"""

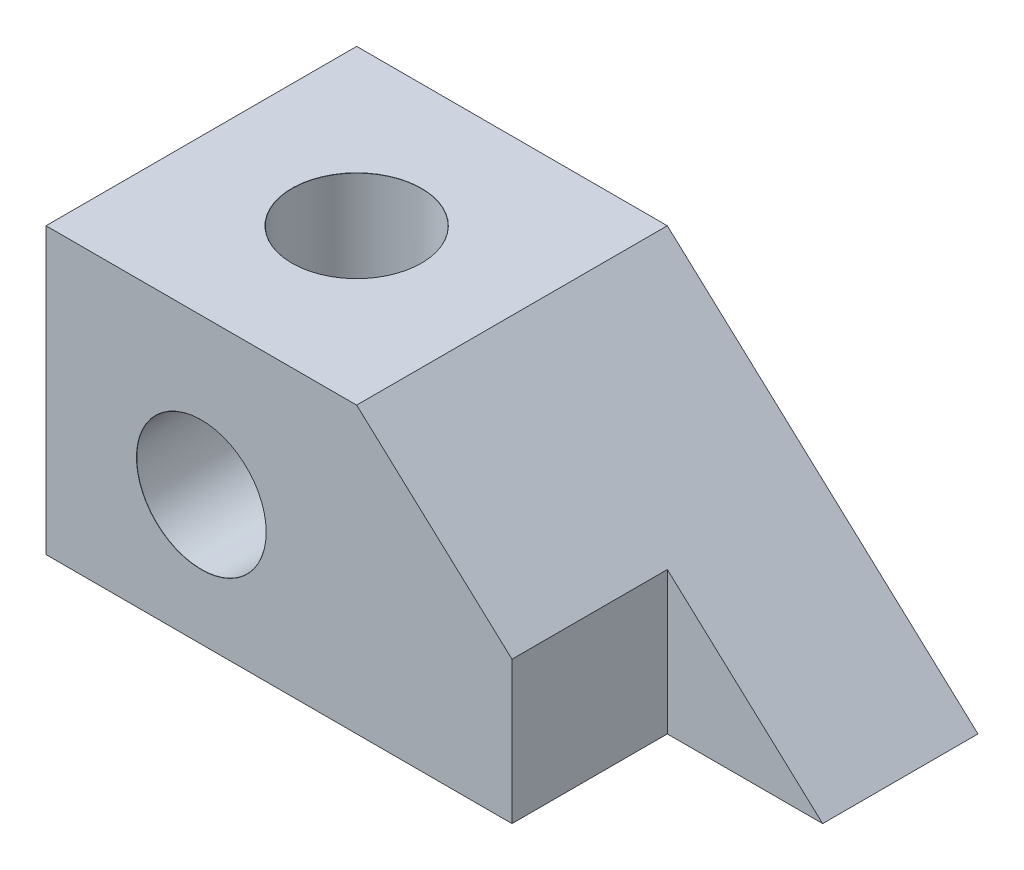
ISO-10303-21;
HEADER;
FILE_DESCRIPTION(('STEP AP214'),'2;1');
FILE_NAME('part.step','',(''),(''),'','','');
FILE_SCHEMA(('AUTOMOTIVE_DESIGN { 1 0 10303 214 1 1 1 1 }'));
ENDSEC;
DATA;
#1=APPLICATION_CONTEXT('core data for automotive mechanical design processes');
#2=APPLICATION_PROTOCOL_DEFINITION('international standard','automotive_design',2000,#1);
#3=PRODUCT_CONTEXT('',#1,'mechanical');
#4=PRODUCT('Part','Part','',(#3));
#5=PRODUCT_RELATED_PRODUCT_CATEGORY('part','',(#4));
#6=PRODUCT_DEFINITION_FORMATION('','',#4);
#7=PRODUCT_DEFINITION_CONTEXT('part definition',#1,'design');
#8=PRODUCT_DEFINITION('design','',#6,#7);
#9=PRODUCT_DEFINITION_SHAPE('','',#8);
#10=(LENGTH_UNIT() NAMED_UNIT(*) SI_UNIT(.MILLI.,.METRE.));
#11=(NAMED_UNIT(*) PLANE_ANGLE_UNIT() SI_UNIT($,.RADIAN.));
#12=(NAMED_UNIT(*) SI_UNIT($,.STERADIAN.) SOLID_ANGLE_UNIT());
#13=UNCERTAINTY_MEASURE_WITH_UNIT(LENGTH_MEASURE(1.E-05),#10,'distance_accuracy_value','');
#14=(GEOMETRIC_REPRESENTATION_CONTEXT(3) GLOBAL_UNCERTAINTY_ASSIGNED_CONTEXT((#13)) GLOBAL_UNIT_ASSIGNED_CONTEXT((#10,
#11,#12)) REPRESENTATION_CONTEXT('',''));
#15=CARTESIAN_POINT('',(0.,0.,0.));
#16=DIRECTION('',(0.,0.,1.));
#17=DIRECTION('',(1.,0.,0.));
#18=AXIS2_PLACEMENT_3D('',#15,#16,#17);
#19=CARTESIAN_POINT('',(30.,25.,0.));
#20=DIRECTION('',(0.,0.,1.));
#21=DIRECTION('',(1.,0.,0.));
#22=AXIS2_PLACEMENT_3D('',#19,#20,#21);
#23=CYLINDRICAL_SURFACE('',#22,12.5);
#24=CARTESIAN_POINT('',(30.,25.,-0.025000000000025));
#25=DIRECTION('',(0.,0.,1.));
#26=DIRECTION('',(1.,0.,0.));
#27=AXIS2_PLACEMENT_3D('',#24,#25,#26);
#28=CIRCLE('',#27,12.5);
#29=CARTESIAN_POINT('',(42.5,25.,-0.025000000000025));
#30=VERTEX_POINT('',#29);
#31=EDGE_CURVE('E244',#30,#30,#28,.T.);
#32=ORIENTED_EDGE('',*,*,#31,.T.);
#33=EDGE_LOOP('',(#32));
#34=FACE_BOUND('',#33,.T.);
#35=CARTESIAN_POINT('',(30.,25.,-30.));
#36=DIRECTION('',(0.,-0.707106781186547,0.707106781186547));
#37=DIRECTION('',(0.,0.707106781186547,0.707106781186547));
#38=AXIS2_PLACEMENT_3D('',#35,#36,#37);
#39=ELLIPSE('',#38,17.6776695296637,12.5);
#40=CARTESIAN_POINT('',(17.5,25.,-30.));
#41=VERTEX_POINT('',#40);
#42=CARTESIAN_POINT('',(42.5,25.,-30.));
#43=VERTEX_POINT('',#42);
#44=EDGE_CURVE('E53',#41,#43,#39,.F.);
#45=ORIENTED_EDGE('',*,*,#44,.T.);
#46=CARTESIAN_POINT('',(30.,25.,-30.));
#47=DIRECTION('',(0.,0.707106781186547,0.707106781186547));
#48=DIRECTION('',(0.,-0.707106781186547,0.707106781186547));
#49=AXIS2_PLACEMENT_3D('',#46,#47,#48);
#50=ELLIPSE('',#49,17.6776695296637,12.5);
#51=EDGE_CURVE('E11',#43,#41,#50,.F.);
#52=ORIENTED_EDGE('',*,*,#51,.T.);
#53=EDGE_LOOP('',(#45,#52));
#54=FACE_BOUND('',#53,.T.);
#55=ADVANCED_FACE('F39',(#34,#54),#23,.F.);
#56=CARTESIAN_POINT('',(0.,55.,0.));
#57=DIRECTION('',(1.,0.,0.));
#58=DIRECTION('',(0.,0.,-1.));
#59=AXIS2_PLACEMENT_3D('',#56,#57,#58);
#60=PLANE('',#59);
#61=DIRECTION('',(0.,0.,1.));
#62=VECTOR('',#61,1.);
#63=CARTESIAN_POINT('',(0.,0.,0.));
#64=LINE('',#63,#62);
#65=CARTESIAN_POINT('',(0.,0.,-60.));
#66=VERTEX_POINT('',#65);
#67=CARTESIAN_POINT('',(0.,0.,0.));
#68=VERTEX_POINT('',#67);
#69=EDGE_CURVE('E103',#66,#68,#64,.T.);
#70=ORIENTED_EDGE('',*,*,#69,.T.);
#71=DIRECTION('',(0.,-1.,0.));
#72=VECTOR('',#71,1.);
#73=CARTESIAN_POINT('',(0.,55.,0.));
#74=LINE('',#73,#72);
#75=CARTESIAN_POINT('',(0.,55.,0.));
#76=VERTEX_POINT('',#75);
#77=EDGE_CURVE('E140',#76,#68,#74,.T.);
#78=ORIENTED_EDGE('',*,*,#77,.F.);
#79=DIRECTION('',(0.,0.,1.));
#80=VECTOR('',#79,1.);
#81=CARTESIAN_POINT('',(0.,55.,0.));
#82=LINE('',#81,#80);
#83=CARTESIAN_POINT('',(0.,55.,-60.));
#84=VERTEX_POINT('',#83);
#85=EDGE_CURVE('E97',#84,#76,#82,.T.);
#86=ORIENTED_EDGE('',*,*,#85,.F.);
#87=DIRECTION('',(0.,-1.,0.));
#88=VECTOR('',#87,1.);
#89=CARTESIAN_POINT('',(0.,55.,-60.));
#90=LINE('',#89,#88);
#91=EDGE_CURVE('E88',#84,#66,#90,.T.);
#92=ORIENTED_EDGE('',*,*,#91,.T.);
#93=EDGE_LOOP('',(#70,#78,#86,#92));
#94=FACE_BOUND('',#93,.T.);
#95=ADVANCED_FACE('F41',(#94),#60,.F.);
#96=CARTESIAN_POINT('',(0.,55.,0.));
#97=DIRECTION('',(0.,0.,-1.));
#98=DIRECTION('',(-1.,0.,0.));
#99=AXIS2_PLACEMENT_3D('',#96,#97,#98);
#100=PLANE('',#99);
#101=CARTESIAN_POINT('',(30.,25.,0.));
#102=DIRECTION('',(0.,0.,1.));
#103=DIRECTION('',(1.,0.,0.));
#104=AXIS2_PLACEMENT_3D('',#101,#102,#103);
#105=CIRCLE('',#104,12.525);
#106=CARTESIAN_POINT('',(42.525,25.,0.));
#107=VERTEX_POINT('',#106);
#108=EDGE_CURVE('E208',#107,#107,#105,.T.);
#109=ORIENTED_EDGE('',*,*,#108,.F.);
#110=EDGE_LOOP('',(#109));
#111=FACE_BOUND('',#110,.T.);
#112=DIRECTION('',(0.,-1.,0.));
#113=VECTOR('',#112,1.);
#114=CARTESIAN_POINT('',(90.,55.,0.));
#115=LINE('',#114,#113);
#116=CARTESIAN_POINT('',(90.,27.5,0.));
#117=VERTEX_POINT('',#116);
#118=CARTESIAN_POINT('',(90.,0.,0.));
#119=VERTEX_POINT('',#118);
#120=EDGE_CURVE('E137',#117,#119,#115,.T.);
#121=ORIENTED_EDGE('',*,*,#120,.F.);
#122=DIRECTION('',(0.737154140200741,-0.675724628517346,0.));
#123=VECTOR('',#122,1.);
#124=CARTESIAN_POINT('',(60.,55.,0.));
#125=LINE('',#124,#123);
#126=CARTESIAN_POINT('',(60.,55.,0.));
#127=VERTEX_POINT('',#126);
#128=EDGE_CURVE('E213',#127,#117,#125,.T.);
#129=ORIENTED_EDGE('',*,*,#128,.F.);
#130=DIRECTION('',(1.,0.,0.));
#131=VECTOR('',#130,1.);
#132=CARTESIAN_POINT('',(0.,55.,0.));
#133=LINE('',#132,#131);
#134=EDGE_CURVE('E229',#76,#127,#133,.T.);
#135=ORIENTED_EDGE('',*,*,#134,.F.);
#136=ORIENTED_EDGE('',*,*,#77,.T.);
#137=DIRECTION('',(1.,0.,0.));
#138=VECTOR('',#137,1.);
#139=CARTESIAN_POINT('',(0.,0.,0.));
#140=LINE('',#139,#138);
#141=EDGE_CURVE('E110',#68,#119,#140,.T.);
#142=ORIENTED_EDGE('',*,*,#141,.T.);
#143=EDGE_LOOP('',(#121,#129,#135,#136,#142));
#144=FACE_BOUND('',#143,.T.);
#145=ADVANCED_FACE('F168',(#111,#144),#100,.F.);
#146=CARTESIAN_POINT('',(90.,55.,0.));
#147=DIRECTION('',(-1.,0.,0.));
#148=DIRECTION('',(0.,0.,1.));
#149=AXIS2_PLACEMENT_3D('',#146,#147,#148);
#150=PLANE('',#149);
#151=DIRECTION('',(0.,-1.,0.));
#152=VECTOR('',#151,1.);
#153=CARTESIAN_POINT('',(90.,55.,-30.));
#154=LINE('',#153,#152);
#155=CARTESIAN_POINT('',(90.,27.5,-30.));
#156=VERTEX_POINT('',#155);
#157=CARTESIAN_POINT('',(90.,0.,-30.));
#158=VERTEX_POINT('',#157);
#159=EDGE_CURVE('E105',#156,#158,#154,.T.);
#160=ORIENTED_EDGE('',*,*,#159,.F.);
#161=DIRECTION('',(0.,0.,1.));
#162=VECTOR('',#161,1.);
#163=CARTESIAN_POINT('',(90.,27.5,0.));
#164=LINE('',#163,#162);
#165=EDGE_CURVE('E113',#156,#117,#164,.T.);
#166=ORIENTED_EDGE('',*,*,#165,.T.);
#167=ORIENTED_EDGE('',*,*,#120,.T.);
#168=DIRECTION('',(0.,0.,-1.));
#169=VECTOR('',#168,1.);
#170=CARTESIAN_POINT('',(90.,0.,0.));
#171=LINE('',#170,#169);
#172=EDGE_CURVE('E117',#119,#158,#171,.T.);
#173=ORIENTED_EDGE('',*,*,#172,.T.);
#174=EDGE_LOOP('',(#160,#166,#167,#173));
#175=FACE_BOUND('',#174,.T.);
#176=ADVANCED_FACE('F197',(#175),#150,.F.);
#177=CARTESIAN_POINT('',(90.,55.,-30.));
#178=DIRECTION('',(0.,0.,-1.));
#179=DIRECTION('',(-1.,0.,0.));
#180=AXIS2_PLACEMENT_3D('',#177,#178,#179);
#181=PLANE('',#180);
#182=DIRECTION('',(1.,0.,0.));
#183=VECTOR('',#182,1.);
#184=CARTESIAN_POINT('',(90.,0.,-30.));
#185=LINE('',#184,#183);
#186=CARTESIAN_POINT('',(120.,0.,-30.));
#187=VERTEX_POINT('',#186);
#188=EDGE_CURVE('E128',#158,#187,#185,.T.);
#189=ORIENTED_EDGE('',*,*,#188,.T.);
#190=DIRECTION('',(-0.737154140200741,0.675724628517346,0.));
#191=VECTOR('',#190,1.);
#192=CARTESIAN_POINT('',(76.3018867924528,40.0566037735849,-30.));
#193=LINE('',#192,#191);
#194=EDGE_CURVE('E120',#187,#156,#193,.T.);
#195=ORIENTED_EDGE('',*,*,#194,.T.);
#196=ORIENTED_EDGE('',*,*,#159,.T.);
#197=EDGE_LOOP('',(#189,#195,#196));
#198=FACE_BOUND('',#197,.T.);
#199=ADVANCED_FACE('F193',(#198),#181,.F.);
#200=CARTESIAN_POINT('',(0.,55.,-60.));
#201=DIRECTION('',(0.,0.,1.));
#202=DIRECTION('',(1.,0.,0.));
#203=AXIS2_PLACEMENT_3D('',#200,#201,#202);
#204=PLANE('',#203);
#205=CARTESIAN_POINT('',(30.,25.,-60.));
#206=DIRECTION('',(0.,0.,1.));
#207=DIRECTION('',(1.,0.,0.));
#208=AXIS2_PLACEMENT_3D('',#205,#206,#207);
#209=CIRCLE('',#208,12.5);
#210=CARTESIAN_POINT('',(42.5,25.,-60.));
#211=VERTEX_POINT('',#210);
#212=EDGE_CURVE('E239',#211,#211,#209,.T.);
#213=ORIENTED_EDGE('',*,*,#212,.T.);
#214=EDGE_LOOP('',(#213));
#215=FACE_BOUND('',#214,.T.);
#216=DIRECTION('',(-1.,0.,0.));
#217=VECTOR('',#216,1.);
#218=CARTESIAN_POINT('',(102.487310380947,55.,-60.));
#219=LINE('',#218,#217);
#220=CARTESIAN_POINT('',(60.,55.,-60.));
#221=VERTEX_POINT('',#220);
#222=EDGE_CURVE('E62',#221,#84,#219,.T.);
#223=ORIENTED_EDGE('',*,*,#222,.F.);
#224=DIRECTION('',(0.737154140200741,-0.675724628517346,0.));
#225=VECTOR('',#224,1.);
#226=CARTESIAN_POINT('',(60.,55.,-60.));
#227=LINE('',#226,#225);
#228=CARTESIAN_POINT('',(120.,0.,-60.));
#229=VERTEX_POINT('',#228);
#230=EDGE_CURVE('E92',#221,#229,#227,.T.);
#231=ORIENTED_EDGE('',*,*,#230,.T.);
#232=DIRECTION('',(-1.,0.,0.));
#233=VECTOR('',#232,1.);
#234=CARTESIAN_POINT('',(0.,0.,-60.));
#235=LINE('',#234,#233);
#236=EDGE_CURVE('E85',#229,#66,#235,.T.);
#237=ORIENTED_EDGE('',*,*,#236,.T.);
#238=ORIENTED_EDGE('',*,*,#91,.F.);
#239=EDGE_LOOP('',(#223,#231,#237,#238));
#240=FACE_BOUND('',#239,.T.);
#241=ADVANCED_FACE('F87',(#215,#240),#204,.F.);
#242=CARTESIAN_POINT('',(0.,55.,0.));
#243=DIRECTION('',(0.,-1.,0.));
#244=DIRECTION('',(0.,0.,-1.));
#245=AXIS2_PLACEMENT_3D('',#242,#243,#244);
#246=PLANE('',#245);
#247=CARTESIAN_POINT('',(30.,55.,-30.));
#248=DIRECTION('',(0.,1.,0.));
#249=DIRECTION('',(0.,0.,1.));
#250=AXIS2_PLACEMENT_3D('',#247,#248,#249);
#251=CIRCLE('',#250,12.525);
#252=CARTESIAN_POINT('',(30.,55.,-17.475));
#253=VERTEX_POINT('',#252);
#254=EDGE_CURVE('E257',#253,#253,#251,.T.);
#255=ORIENTED_EDGE('',*,*,#254,.F.);
#256=EDGE_LOOP('',(#255));
#257=FACE_BOUND('',#256,.T.);
#258=ORIENTED_EDGE('',*,*,#134,.T.);
#259=DIRECTION('',(0.,0.,1.));
#260=VECTOR('',#259,1.);
#261=CARTESIAN_POINT('',(60.,55.,-60.));
#262=LINE('',#261,#260);
#263=EDGE_CURVE('E222',#221,#127,#262,.T.);
#264=ORIENTED_EDGE('',*,*,#263,.F.);
#265=ORIENTED_EDGE('',*,*,#222,.T.);
#266=ORIENTED_EDGE('',*,*,#85,.T.);
#267=EDGE_LOOP('',(#258,#264,#265,#266));
#268=FACE_BOUND('',#267,.T.);
#269=ADVANCED_FACE('F184',(#257,#268),#246,.F.);
#270=CARTESIAN_POINT('',(0.,0.,0.));
#271=DIRECTION('',(0.,-1.,0.));
#272=DIRECTION('',(0.,0.,-1.));
#273=AXIS2_PLACEMENT_3D('',#270,#271,#272);
#274=PLANE('',#273);
#275=CARTESIAN_POINT('',(30.,0.,-30.));
#276=DIRECTION('',(0.,1.,0.));
#277=DIRECTION('',(0.,0.,1.));
#278=AXIS2_PLACEMENT_3D('',#275,#276,#277);
#279=CIRCLE('',#278,12.5);
#280=CARTESIAN_POINT('',(30.,0.,-17.5));
#281=VERTEX_POINT('',#280);
#282=EDGE_CURVE('E249',#281,#281,#279,.T.);
#283=ORIENTED_EDGE('',*,*,#282,.T.);
#284=EDGE_LOOP('',(#283));
#285=FACE_BOUND('',#284,.T.);
#286=ORIENTED_EDGE('',*,*,#69,.F.);
#287=ORIENTED_EDGE('',*,*,#236,.F.);
#288=DIRECTION('',(0.,0.,-1.));
#289=VECTOR('',#288,1.);
#290=CARTESIAN_POINT('',(120.,0.,-60.));
#291=LINE('',#290,#289);
#292=EDGE_CURVE('E98',#187,#229,#291,.T.);
#293=ORIENTED_EDGE('',*,*,#292,.F.);
#294=ORIENTED_EDGE('',*,*,#188,.F.);
#295=ORIENTED_EDGE('',*,*,#172,.F.);
#296=ORIENTED_EDGE('',*,*,#141,.F.);
#297=EDGE_LOOP('',(#286,#287,#293,#294,#295,#296));
#298=FACE_BOUND('',#297,.T.);
#299=ADVANCED_FACE('F107',(#285,#298),#274,.T.);
#300=CARTESIAN_POINT('',(60.,55.,-60.));
#301=DIRECTION('',(-0.675724628517346,-0.737154140200741,0.));
#302=DIRECTION('',(0.737154140200741,-0.675724628517346,0.));
#303=AXIS2_PLACEMENT_3D('',#300,#301,#302);
#304=PLANE('',#303);
#305=ORIENTED_EDGE('',*,*,#194,.F.);
#306=ORIENTED_EDGE('',*,*,#292,.T.);
#307=ORIENTED_EDGE('',*,*,#230,.F.);
#308=ORIENTED_EDGE('',*,*,#263,.T.);
#309=ORIENTED_EDGE('',*,*,#128,.T.);
#310=ORIENTED_EDGE('',*,*,#165,.F.);
#311=EDGE_LOOP('',(#305,#306,#307,#308,#309,#310));
#312=FACE_BOUND('',#311,.T.);
#313=ADVANCED_FACE('F174',(#312),#304,.F.);
#314=CARTESIAN_POINT('',(30.,25.,-30.));
#315=DIRECTION('',(0.,-0.707106781186547,0.707106781186547));
#316=DIRECTION('',(0.,0.707106781186547,0.707106781186547));
#317=AXIS2_PLACEMENT_3D('',#314,#315,#316);
#318=ELLIPSE('',#317,17.6776695296637,12.5);
#319=EDGE_CURVE('E145',#41,#43,#318,.T.);
#320=ORIENTED_EDGE('',*,*,#319,.T.);
#321=CARTESIAN_POINT('',(30.,25.,-30.));
#322=DIRECTION('',(0.,0.707106781186547,0.707106781186547));
#323=DIRECTION('',(0.,-0.707106781186547,0.707106781186547));
#324=AXIS2_PLACEMENT_3D('',#321,#322,#323);
#325=ELLIPSE('',#324,17.6776695296637,12.5);
#326=EDGE_CURVE('E48',#43,#41,#325,.T.);
#327=ORIENTED_EDGE('',*,*,#326,.T.);
#328=EDGE_LOOP('',(#320,#327));
#329=FACE_BOUND('',#328,.T.);
#330=ORIENTED_EDGE('',*,*,#212,.F.);
#331=EDGE_LOOP('',(#330));
#332=FACE_BOUND('',#331,.T.);
#333=ADVANCED_FACE('F152',(#329,#332),#23,.F.);
#334=CARTESIAN_POINT('',(30.,25.,0.));
#335=DIRECTION('',(0.,0.,1.));
#336=DIRECTION('',(1.,0.,0.));
#337=AXIS2_PLACEMENT_3D('',#334,#335,#336);
#338=CONICAL_SURFACE('',#337,12.525,0.785398163397171);
#339=ORIENTED_EDGE('',*,*,#31,.F.);
#340=EDGE_LOOP('',(#339));
#341=FACE_BOUND('',#340,.T.);
#342=ORIENTED_EDGE('',*,*,#108,.T.);
#343=EDGE_LOOP('',(#342));
#344=FACE_BOUND('',#343,.T.);
#345=ADVANCED_FACE('F173',(#341,#344),#338,.F.);
#346=CARTESIAN_POINT('',(30.,55.,-30.));
#347=DIRECTION('',(0.,1.,0.));
#348=DIRECTION('',(0.,0.,1.));
#349=AXIS2_PLACEMENT_3D('',#346,#347,#348);
#350=CYLINDRICAL_SURFACE('',#349,12.5);
#351=CARTESIAN_POINT('',(30.,54.975,-30.));
#352=DIRECTION('',(0.,1.,0.));
#353=DIRECTION('',(0.,0.,1.));
#354=AXIS2_PLACEMENT_3D('',#351,#352,#353);
#355=CIRCLE('',#354,12.5);
#356=CARTESIAN_POINT('',(30.,54.975,-17.5));
#357=VERTEX_POINT('',#356);
#358=EDGE_CURVE('E253',#357,#357,#355,.T.);
#359=ORIENTED_EDGE('',*,*,#358,.T.);
#360=EDGE_LOOP('',(#359));
#361=FACE_BOUND('',#360,.T.);
#362=ORIENTED_EDGE('',*,*,#44,.F.);
#363=ORIENTED_EDGE('',*,*,#326,.F.);
#364=EDGE_LOOP('',(#362,#363));
#365=FACE_BOUND('',#364,.T.);
#366=ADVANCED_FACE('F159',(#361,#365),#350,.F.);
#367=CARTESIAN_POINT('',(30.,55.,-30.));
#368=DIRECTION('',(0.,1.,0.));
#369=DIRECTION('',(0.,0.,1.));
#370=AXIS2_PLACEMENT_3D('',#367,#368,#369);
#371=CONICAL_SURFACE('',#370,12.525,0.785398163397171);
#372=ORIENTED_EDGE('',*,*,#358,.F.);
#373=EDGE_LOOP('',(#372));
#374=FACE_BOUND('',#373,.T.);
#375=ORIENTED_EDGE('',*,*,#254,.T.);
#376=EDGE_LOOP('',(#375));
#377=FACE_BOUND('',#376,.T.);
#378=ADVANCED_FACE('F262',(#374,#377),#371,.F.);
#379=ORIENTED_EDGE('',*,*,#282,.F.);
#380=EDGE_LOOP('',(#379));
#381=FACE_BOUND('',#380,.T.);
#382=ORIENTED_EDGE('',*,*,#319,.F.);
#383=ORIENTED_EDGE('',*,*,#51,.F.);
#384=EDGE_LOOP('',(#382,#383));
#385=FACE_BOUND('',#384,.T.);
#386=ADVANCED_FACE('F161',(#381,#385),#350,.F.);
#387=CLOSED_SHELL('',(#55,#95,#145,#176,#199,#241,#269,#299,#313,#333,#345,#366,#378,#386));
#388=MANIFOLD_SOLID_BREP('B2',#387);
#389=ADVANCED_BREP_SHAPE_REPRESENTATION('',(#18,#388),#14);
#390=SHAPE_DEFINITION_REPRESENTATION(#9,#389);
ENDSEC;
END-ISO-10303-21;

"""

» **THE TASK**:
Go through the material above and output exactly the lines from the one containing "#378=ADVANCED_FACE('F262',(#374,#377),#371,.F.);" through the one containing "#389=ADVANCED_BREP_SHAPE_REPRESENTATION('',(#18,#388),#14);".

» **TASK RESULT**:
#378=ADVANCED_FACE('F262',(#374,#377),#371,.F.);
#379=ORIENTED_EDGE('',*,*,#282,.F.);
#380=EDGE_LOOP('',(#379));
#381=FACE_BOUND('',#380,.T.);
#382=ORIENTED_EDGE('',*,*,#319,.F.);
#383=ORIENTED_EDGE('',*,*,#51,.F.);
#384=EDGE_LOOP('',(#382,#383));
#385=FACE_BOUND('',#384,.T.);
#386=ADVANCED_FACE('F161',(#381,#385),#350,.F.);
#387=CLOSED_SHELL('',(#55,#95,#145,#176,#199,#241,#269,#299,#313,#333,#345,#366,#378,#386));
#388=MANIFOLD_SOLID_BREP('B2',#387);
#389=ADVANCED_BREP_SHAPE_REPRESENTATION('',(#18,#388),#14);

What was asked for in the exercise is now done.